Particulars of claim
[5] In respect of claim 1, the plaintiff alleged that during March 2022, and at Oshakati Premier Electric, the parties entered into a verbal loan agreement in terms of which the plaintiff would advance a sum of N$ 120 000 to the defendant for the deposit of her motor vehicle. The loan amount was to be repaid between August and September 2022 upon the defendant’s mother pension payout.
[6] The plaintiff further alleged that he fulfilled his obligations in terms of the agreement by advancing the loan amount to the defendant.
[7] Additionally, it was alleged that despite her mother having received her pension payout during August 2022, the defendant failed to honour her obligations in terms of the agreement by failing to repay the loan amount, and as a result, she is indebted to the plaintiff in the sum of N$ 120 000.
[8] In respect of claim 2, the plaintiff alleged that during March 2022, and at Oshakati Premier Electric, the parties entered into a verbal loan agreement in terms of which the plaintiff would advance loans in various amounts to the defendant for a period of five (5) months in order to assist her financially as she was struggling to take care of herself and her children.

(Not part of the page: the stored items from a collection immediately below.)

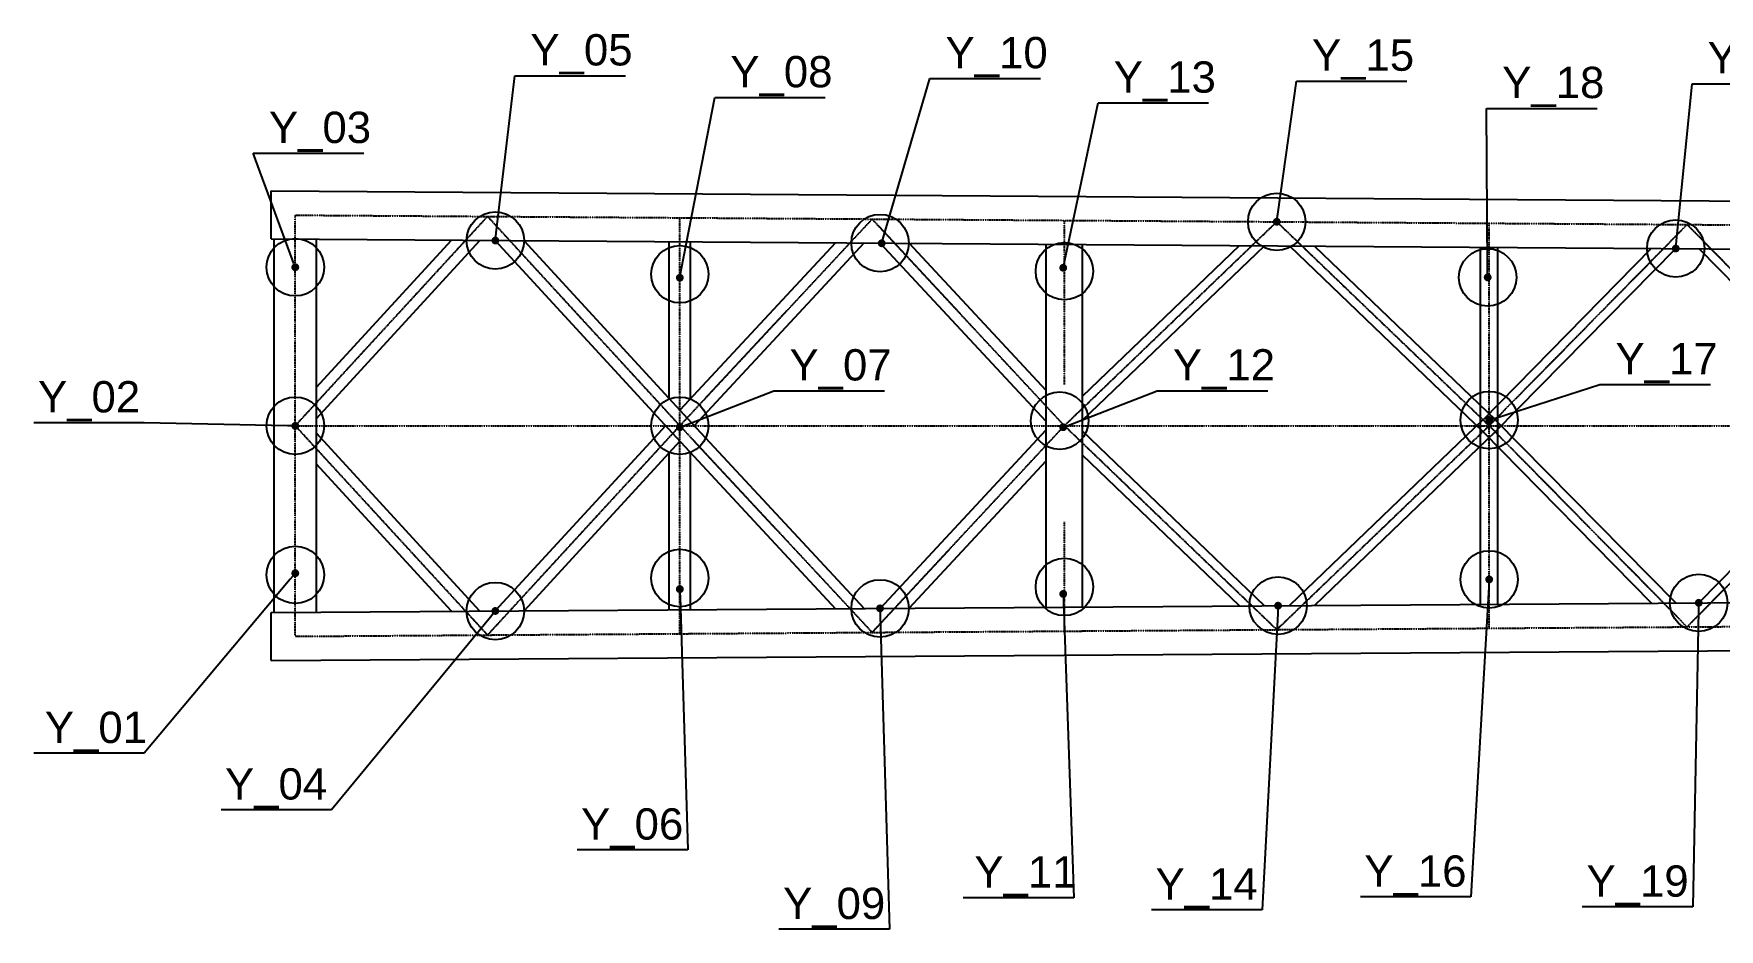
# Model space of a CAD drawing. Header units: metres. Extents: x 11 to 152679, y -40 to 137873.
# Drawn here: x 22073 to 39632, y 70247 to 79581 of the extents above; entities that cross this region are included whole.
import ezdxf
from ezdxf import colors
from ezdxf.entities.mleader import LeaderData, LeaderLine
from ezdxf.math import Vec2, Vec3

# ---------------------------------------------------------------- set-up
doc = ezdxf.new("R2010")
doc.units = ezdxf.units.M
doc.linetypes.add('ASSI', pattern=[0.8, 0.4, -0.2, 0, -0.2])
for name, color, linetype in [('Assi', 6, 'ASSI'), ('CA3', 6, 'Continuous'), ('Scritte 0.2mm', 4, 'Continuous')]:
    doc.layers.add(name, color=color, linetype=linetype)
doc.styles.add('Interprogetti Swis', font='swissl.ttf')

# ---------------------------------------------------------------- blocks, each defined once
blk = doc.blocks.new('_Dot')
at = {"color": 0, "linetype": 'ByBlock', "lineweight": -2}
blk.add_line((-0.5, 0), (-1, 0), dxfattribs=at)
at = {"color": 0, "linetype": 'ByBlock', "const_width": 0.5}
blk.add_lwpolyline([(-0.25, 0, 1), (0.25, 0, 1)], format="xyb", close=True, dxfattribs=at)

msp = doc.modelspace()

# ---------------------------------------------------------------- linework, layer by layer
for centre in [(35021.9416, 77620.9732), (26881.1638, 77426.134), (30889.212, 77398.9732), (39178.0555, 77342.8033), (24797.4416, 77147.4349), (28803.4416, 77074.5205), (32809.4416, 77105.8561), (37218.943, 77041.6103), (24797.4416, 75495.2602), (28803.4416, 75495.2602), (32760.473, 75547.9272), (37234.4416, 75554.3799), (24797.4416, 73940.7756), (28803.4416, 73908.1088), (32809.4416, 73815.2634), (37234.4416, 73893.6018), (39417.4233, 73649.3391), (26881.1638, 73563.2991), (30889.212, 73591.5472), (35035.7693, 73619.6466)]:
    msp.add_circle(centre, 299.1796)
at = {"layer": 'Assi'}
for p, q in [((24797.4416, 73300.2602), (24797.4416, 77690.2602)), ((24797.4416, 77690.2602), (61984.4416, 77438.2602)), ((24797.4416, 75495.2602), (26800.4416, 77676.6867)), ((26800.4416, 77676.6867), (28803.4416, 75495.2602)), ((28803.4416, 73327.4071), (28803.4416, 77663.1133)), ((30806.4416, 77649.5398), (28803.4416, 75495.2602)), ((32809.4416, 75495.2602), (30806.4416, 77649.5398)), ((32809.4416, 75925.2602), (32809.4416, 77635.9664)), ((32809.4416, 75495.2602), (35021.9416, 77620.9732)), ((35021.9416, 77620.9732), (37234.4416, 75495.2602)), ((37234.4416, 73384.5403), (37234.4416, 77605.9801)), ((37234.4416, 75495.2602), (39296.9416, 77592.0034)), ((39296.9416, 77592.0034), (41359.4416, 75495.2602)), ((24797.4416, 75495.2602), (61984.4416, 75495.2602)), ((26800.4416, 73313.8336), (24797.4416, 75495.2602)), ((26800.4416, 73313.8336), (24797.4416, 75495.2602)), ((28803.4416, 75495.2602), (26800.4416, 73313.8336)), ((28803.4416, 75495.2602), (30806.4416, 73340.9805)), ((30806.4416, 73340.9805), (32809.4416, 75495.2602)), ((35021.9416, 73369.5471), (32809.4416, 75495.2602)), ((37234.4416, 75495.2602), (35021.9416, 73369.5471)), ((39296.9416, 73398.5169), (37234.4416, 75495.2602)), ((41359.4416, 75495.2602), (39296.9416, 73398.5169)), ((32809.4416, 73354.554), (32809.4416, 74495.2602)), ((24797.4416, 73300.2602), (61984.4416, 73552.2602))]:
    msp.add_line(p, q, dxfattribs=at)
at = {"layer": 'CA3'}
for p, q in [((24547.4416, 77441.9486), (24547.4416, 77941.9601)), ((24547.4416, 77941.9601), (62619.3178, 77683.9636)), ((24547.4416, 77441.9486), (62619.3178, 77183.9522)), ((24577.4416, 73548.7751), (24577.4416, 77441.7453)), ((25017.4416, 73551.9601), (25017.4416, 77438.5603)), ((25017.4416, 75897.4976), (26423.8907, 77429.2327)), ((25017.4416, 75572.2178), (26720.7178, 77427.2212)), ((26881.1638, 77426.134), (28722.4169, 75420.8627)), ((27181.7079, 77424.0973), (28884.4664, 75569.6577)), ((28693.4416, 75777.6989), (28693.4416, 77413.7852)), ((30426.1871, 77402.1109), (28803.9475, 75657.3492)), ((28913.4416, 75775.113), (28913.4416, 77412.4299)), ((30724.7078, 77400.088), (28953.6424, 75495.2602)), ((32619.4416, 75538.0653), (30889.212, 77398.9732)), ((32619.4416, 75861.1551), (31191.5183, 77396.9246)), ((32619.4416, 73603.0689), (32619.4416, 77387.4515)), ((32999.4416, 73606.0506), (32999.4416, 77384.4698)), ((32999.4416, 75802.6152), (34634.5577, 77373.5926)), ((32999.4416, 75552.9994), (34892.545, 77371.8443)), ((35153.1766, 77370.0782), (37172.0876, 75430.3604)), ((35414.829, 77368.3051), (37296.7956, 75560.1599)), ((37144.4416, 73633.9361), (37144.4416, 77356.5842)), ((37170.2803, 75558.3737), (38927.2391, 77344.503)), ((37298.603, 75432.1467), (39178.0555, 77342.8033)), ((37324.4416, 73635.1559), (37324.4416, 77355.3645)), ((39417.4233, 77341.1812), (43024.9244, 73673.7856)), ((43024.9244, 77316.7348), (39417.4233, 73649.3391)), ((28884.0005, 75570.1619), (30724.7078, 73590.4324)), ((37172.0876, 75560.1599), (35153.1766, 73620.4422)), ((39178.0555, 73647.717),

[9] It was further alleged that the total amount advanced by the plaintiff would be repaid between August and September 2022 after the defendant’s mother would receive her pension payout.
[10] The plaintiff claims that he fulfilled his obligations in terms of the agreement by advancing loans to the defendant on various occasions totalling N$ 21 400.00.
[11] The plaintiff asserts that even though the defendant’s mother received her pension payout during August 2022, and despite the defendant making promises to repay the loans, she has failed to do so, and is thus indebted to the plaintiff in the amount of N$ 21 400.
The plea
[12] The defendant denied the allegations made by the plaintiff. She pleaded in respect of claim 1 that the plaintiff approached her in February 2022 with a proposal that they become business partners. She further pleaded that the plaintiff took her to Grootfontein where he took advantage of her by having sexual intercourse with her without her consent. Furthermore, the defendant pleaded that the plaintiff offered her money in exchange for her not laying criminal charges of rape against him. It was further pleaded that the plaintiff paid the defendant N$ 120 000 for her to remain silent and not lay any charges against him. The defendant then took the money and deposited a motor vehicle.
[13] Regarding claim 2, the defendant pleaded that the parties were involved in a romantic relationship, and often gifted each other in the form of money and other items as a token of appreciation. She went on to plead that the plaintiff would ask the defendant to run errands for him and his wife, and in addition, to use some of the money for herself.
[14] The defendant pleaded that the amount of N$ 21 400 was given to the defendant as a token of appreciation and not as a loan.
The issues
[15] In terms of the pre-trial order, the court is asked to decide whether the parties entered into two verbal agreements and whether the plaintiff advanced the alleged amounts to the defendant and the terms thereof. The court is further asked to determine whether the amounts paid to the defendant were a token of appreciation or loans.
The evidence
Plaintiff’s case
[16] The plaintiff was the only witness to testify in his case. He testified that during March 2022, he was approached by the defendant who informed him that she wanted to buy a motor vehicle but did not have sufficient funds for the deposit. The defendant asked him to advance her an amount of N$ 120 000 which she would repay back between August and September 2022 after her mother would have received her pension payout.
[17] The plaintiff further testified that the parties entered into a verbal agreement for the advancement of the loan, and on 15 March 2022, the plaintiff complied with his obligations in terms of the agreement by paying the defendant the agreed amount of N$ 120 000.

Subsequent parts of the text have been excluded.